I know you guys & gals love pics, sooooo, here ya go!

Ha!, the heavy duty craftsman:





then there's the old john deere 110:




and the ford diesel 4x4:




can't forget the grasshopper diesel 




3 pt. splitter:




hook the swisher to the ford and cut 11 ft. wide in one swipe 




the mazdarati wood haulin' beast!




the '96 heritage:




current wood pile view to south:




current wood pile view to north:


----------



## skinnykid (Apr 9, 2009)

wow, cool pics. How many cord?


----------



## webby3650 (Apr 9, 2009)

As a fellow Harley enthousiest I have to ask, is that rug to catch the oil drips? Very nice pics. How did your 500 do this winter?


----------



## ansehnlich1 (Apr 9, 2009)

webby3650 said:
			
		

> As a fellow Harley enthousiest I have to ask, is that rug to catch the oil drips? Very nice pics. How did your 500 do this winter?



Oh yeah, that's really not a rug, it's a piece of OSB and it's more for keepin' the kickstand from tearin' up my nice garage floor paint job....
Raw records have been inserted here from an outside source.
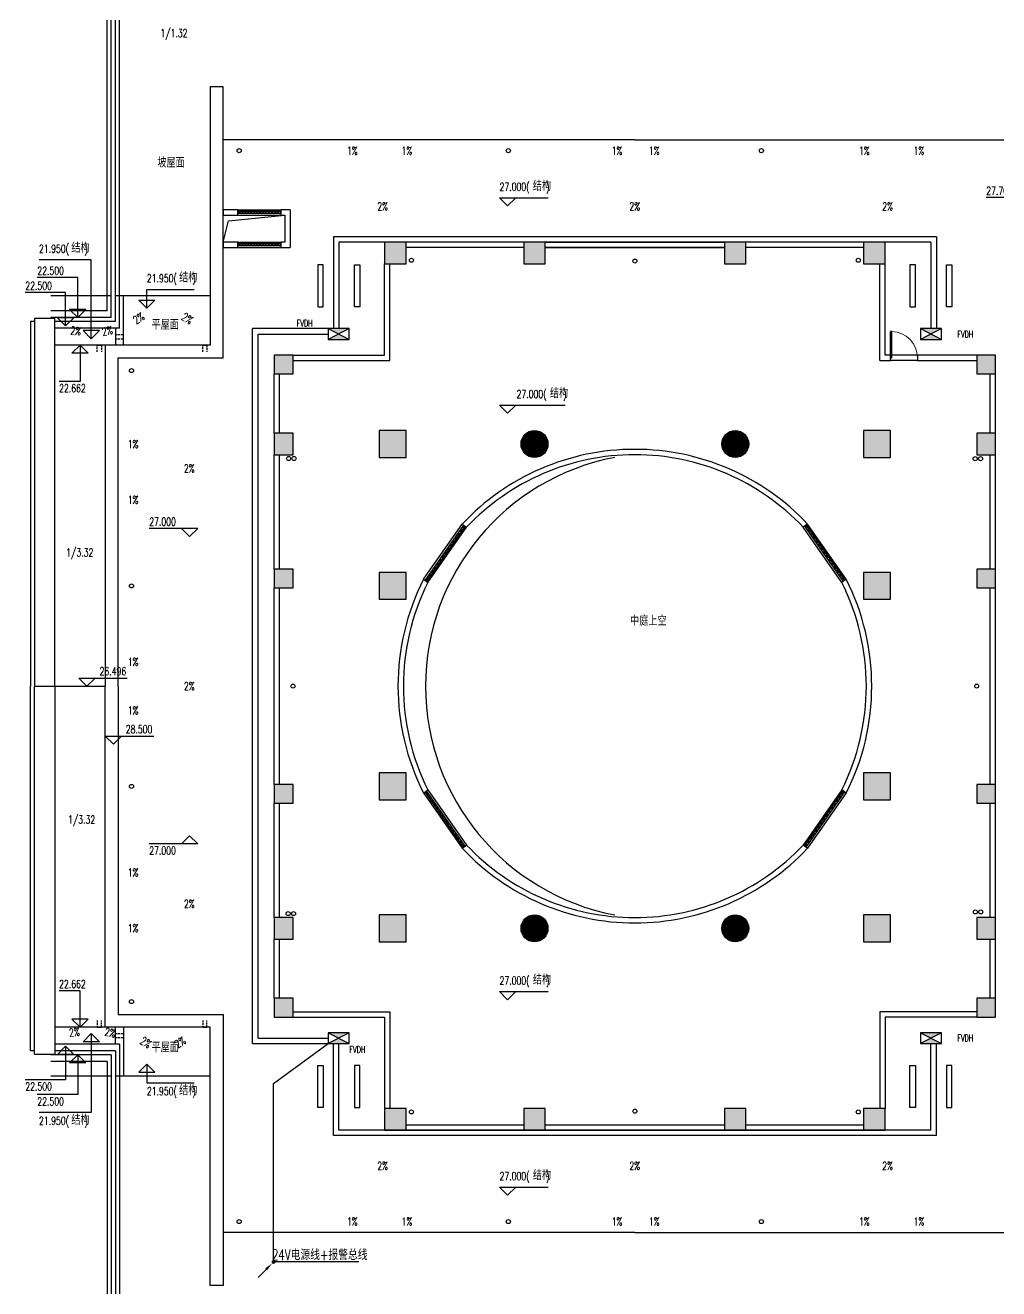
# Model space of a CAD drawing. Extents: x 190999 to 918899, y -200814 to 215286.
# Drawn here: x 854202 to 890366, y -158890 to -111937 of the extents above; entities that cross this region are included whole.
import ezdxf
from ezdxf.enums import TextEntityAlignment as Align

# ---------------------------------------------------------------- set-up
doc = ezdxf.new("R2010")
doc.units = 0
doc.header["$LTSCALE"] = 1000
doc.header["$MEASUREMENT"] = 0
doc.linetypes.add('DASH', pattern=[0.35, 0.25, -0.1])
for name, color, linetype in [('00-EQUIP', 3, 'Continuous'), ('00-LWIRE', 4, 'Continuous'), ('00-WIRE-4', 6, 'Continuous'), ('A-墙线', 2, 'Continuous'), ('COLUMN', 2, 'Continuous'), ('CTEXTW', 4, 'Continuous'), ('DIM_ELEV', 3, 'Continuous'), ('PUB_HATCH', 250, 'Continuous'), ('PUB_TEXT', 7, 'Continuous'), ('ROOF', 4, 'Continuous'), ('STAIR', 5, 'Continuous'), ('WALL', 2, 'Continuous'), ('WINDOW', 177, 'Continuous'), ('屋面排水', 4, 'Continuous'), ('房间名称', 7, 'Continuous'), ('暖通-风-说明', 3, 'Continuous'), ('洞口线', 165, 'Continuous'), ('看线', 137, 'Continuous'), ('看线1', 7, 'Continuous'), ('雨水管', 151, 'Continuous'), ('雨水管口', 6, 'Continuous')]:
    doc.layers.add(name, color=color, linetype=linetype)
doc.styles.add('_TCH_DIM', font='SIMPLEX', dxfattribs={"bigfont": 'GBCBIG'})
doc.styles.add('HZ-ZGBZ', font='romanc.shx', dxfattribs={"width": 0.65})
doc.styles.add('JIAO', font='tjromans.shx', dxfattribs={"bigfont": 'tjhztxt.shx'})
doc.styles.get("Standard").update_dxf_attribs({"font": 'simhei.ttf'})
doc.styles.add('XXK', font='romans.shx', dxfattribs={"width": 0.75, "bigfont": 'hzf.shx'})
doc.linetypes.add('4INE', pattern='A,1,-0.15,["4",XXK,S=0.3,R=0,X=-0.1,Y=-0.1],-0.25', length=1.4)

# ---------------------------------------------------------------- blocks, each defined once
blk = doc.blocks.new('$WINLIB2D$00000039')
at = {"color": 0}
for p, q in [((0.5, 0.5), (-0.5, 0.5)), ((-0.5, 0.167), (0.5, 0.167)), ((-0.452, -0.167), (-0.5, 0.084)), ((-0.384, -0.167), (-0.448, 0.167)), ((-0.316, -0.167), (-0.38, 0.167)), ((-0.248, -0.167), (-0.312, 0.167)), ((-0.18, -0.167), (-0.244, 0.167)), ((-0.112, -0.167), (-0.176, 0.167)), ((-0.044, -0.167), (-0.108, 0.167)), ((0.024, -0.167), (-0.04, 0.167)), ((0.092, -0.167), (0.028, 0.167)), ((0.16, -0.167), (0.096, 0.167)), ((0.228, -0.167), (0.164, 0.167)), ((0.296, -0.167), (0.232, 0.167)), ((0.364, -0.167), (0.3, 0.167)), ((0.432, -0.167), (0.368, 0.167)), ((0.5, -0.167), (0.436, 0.167)), ((-0.5, -0.167), (0.5, -0.167)), ((0.5, -0.5), (-0.5, -0.5))]:
    blk.add_line(p, q, dxfattribs=at)
blk = doc.blocks.new('_FZH')
blk.add_lwpolyline([(-0.5, -0.5), (0.5, -0.5), (0.5, 0.5), (-0.5, 0.5)], close=True)
at = {"layer": 'PUB_HATCH'}
blk.add_solid([(-0.5, -0.5), (0.5, -0.5), (-0.5, 0.5), (0.5, 0.5)], dxfattribs=at)
blk = doc.blocks.new('_YZH')
blk.add_circle((0, 0), 0.5)
at = {"layer": 'PUB_HATCH', "const_width": 0.5}
blk.add_lwpolyline([(-0.25, 0, 1), (0.25, 0, 1)], format="xyb", close=True, dxfattribs=at)
blk = doc.blocks.new('$DorLib2D$00000001')
for p, q in [((0.45, 0.975), (0.5, 0.975)), ((0.45, 0), (0.45, 0.975)), ((0.5, 0), (0.5, 0.975)), ((0.5, 0), (0.45, 0))]:
    blk.add_line(p, q)
at = {"lineweight": 13}
blk.add_arc((0.475, 0), 0.975, 91.4693, 180, dxfattribs=at)
blk = doc.blocks.new('_LINKPT1')
at = {"color": 0}
blk.add_line((0, 0), (0, 0), dxfattribs=at)
blk = doc.blocks.new('6H2NC6JJ')
for p, q in [((-0.78, 0.4), (0.78, -0.4)), ((0.78, 0.4), (-0.78, -0.4)), ((0.78, 0.4), (-0.78, 0.4)), ((-0.78, 0.4), (-0.78, -0.4)), ((0.78, -0.4), (0.78, 0.4)), ((-0.78, -0.4), (0.78, -0.4))]:
    blk.add_line(p, q)
at = {"const_width": 0.04}
blk.add_lwpolyline([(-0.78, 0.4), (-0.78, -0.4), (0.78, -0.4), (0.78, 0.4)], close=True, dxfattribs=at)
for points in [[(-0.78, 0.4), (0, 0), (0.78, 0.4)], [(-0.78, -0.4), (0.78, -0.4), (0, 0)]]:
    blk.add_solid(points)
at = {"xscale": 0.002, "yscale": 0.002, "zscale": 0.002}
for p in [(-0.78, 0), (0, 0.4), (0.78, 0), (0, -0.4)]:
    blk.add_blockref('_LINKPT1', p, dxfattribs=at)
at = {"flags": 9}
blk.add_attdef('A', (0, 0), '', height=0.00002, dxfattribs=at)
blk = doc.blocks.new('_WRLD10L')
for p, q in [((1.15, 1.15), (0.55, 0.55)), ((0.104, 0.104), (0.104, 0.104)), ((-0.104, -0.104), (-0.104, -0.104))]:
    blk.add_line(p, q)
at = {"const_width": 0.142}
blk.add_lwpolyline([(-0.071, 0, 1), (0.071, 0, 1)], format="xyb", close=True, dxfattribs=at)
blk.add_solid([(0.62, 0.48), (0.48, 0.62), (0.1, 0.1)])
at = {"width": 0.8, "flags": 9}
blk.add_attdef('A', (0, 0), '', height=0.00002, dxfattribs=at)

msp = doc.modelspace()

# ---------------------------------------------------------------- hatches: boundary and pattern name
at = {"layer": 'PUB_HATCH'}
for points in [[(868348.5, -120796.3), (868348.5, -119996.3), (867548.5, -119996.3), (867548.5, -120796.3)], [(872720.6, -120796.3), (873520.6, -120796.3), (873520.6, -119996.3), (872720.6, -119996.3)], [(880976.5, -120796.3), (880976.5, -119996.3), (880176.5, -119996.3), (880176.5, -120796.3)], [(885348.5, -120796.3), (886148.5, -120796.3), (886148.5, -119996.3), (885348.5, -119996.3)], [(864148.5, -124896.3), (864148.5, -124196.3), (863448.5, -124196.3), (863448.5, -124896.3)], [(889548.5, -124896.3), (890248.5, -124896.3), (890248.5, -124196.3), (889548.5, -124196.3)], [(864148.5, -127896.3), (864148.5, -127096.3), (863448.5, -127096.3), (863448.5, -127896.3)], [(889548.5, -127896.3), (890248.5, -127896.3), (890248.5, -127096.3), (889548.5, -127096.3)], [(864148.5, -132846.3), (864148.5, -132146.3), (863448.5, -132146.3), (863448.5, -132846.3)], [(889548.5, -132846.3), (890248.5, -132846.3), (890248.5, -132146.3), (889548.5, -132146.3)], [(864148.5, -140146.3), (863448.5, -140146.3), (863448.5, -140846.3), (864148.5, -140846.3)], [(889548.5, -140146.3), (889548.5, -140846.3), (890248.5, -140846.3), (890248.5, -140146.3)], [(864148.5, -145096.3), (863448.5, -145096.3), (863448.5, -145896.3), (864148.5, -145896.3)], [(889548.5, -145096.3), (889548.5, -145896.3), (890248.5, -145896.3), (890248.5, -145096.3)], [(864148.5, -148096.3), (863448.5, -148096.3), (863448.5, -148796.3), (864148.5, -148796.3)], [(889548.5, -148096.3), (889548.5, -148796.3), (890248.5, -148796.3), (890248.5, -148096.3)], [(868348.5, -152196.3), (867548.5, -152196.3), (867548.5, -152996.3), (868348.5, -152996.3)], [(872720.6, -152196.3), (872720.6, -152996.3), (873520.6, -152996.3), (873520.6, -152196.3)], [(880976.5, -152196.3), (880176.5, -152196.3), (880176.5, -152996.3), (880976.5, -152996.3)], [(885348.5, -152196.3), (885348.5, -152996.3), (886148.5, -152996.3), (886148.5, -152196.3)]]:
    msp.add_hatch(color=256, dxfattribs=at).paths.add_polyline_path(points)

# ---------------------------------------------------------------- linework, layer by layer
at = {"layer": '00-WIRE-4'}
for p, q in [((888048.5, -119796.3), (865648.5, -119796.3)), ((865648.5, -119796.3), (865648.5, -123211.3)), ((888048.5, -119796.3), (888048.5, -123211.3)), ((862648.5, -149781.3), (862648.5, -123211.3)), ((865458.5, -123211.3), (862648.5, -123211.3)), ((862648.5, -149781.3), (865458.5, -149781.3)), ((863425.7, -151257.8), (865458.5, -149781.3)), ((865648.5, -153196.3), (865648.5, -149781.3)), ((888048.5, -153196.3), (888048.5, -149781.3)), ((863425.7, -157894.7), (863425.7, -151257.8)), ((888048.5, -153196.3), (865648.5, -153196.3))]:
    msp.add_line(p, q, dxfattribs=at)
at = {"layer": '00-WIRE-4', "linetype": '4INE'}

HOWEVER, HAHA, she does drop a small drop every once in a while  ;-)


----------



## ansehnlich1 (Apr 9, 2009)

skinnykid said:
			
		

> wow, cool pics. How many cord?



I'm gonna guess there's 12 or 13 cord sittin' there. The stuff in front has been sittin' for a year and it's gonna sit there til' October, the lighter stuff in the middle I just bucked and split in Feb. and won't burn til year after next, and the stuff to the woods side is all mixed up, some seasoned, some not. That pile to the right in the last pic I've split by hand and stacked on one pallet. There's some rounds there I'm gonna split yet. I had a bunch of stuff in the woods I brought up. Actually, there was a Locust leaning on another tree and I got a couple come-a-longs and pulled it down  It was dead and it'll burn next winter. There's some cedar and a little cherry in there too. I buy 5 cord log length each year and then add to it whatever dead stuff comes outta the woods.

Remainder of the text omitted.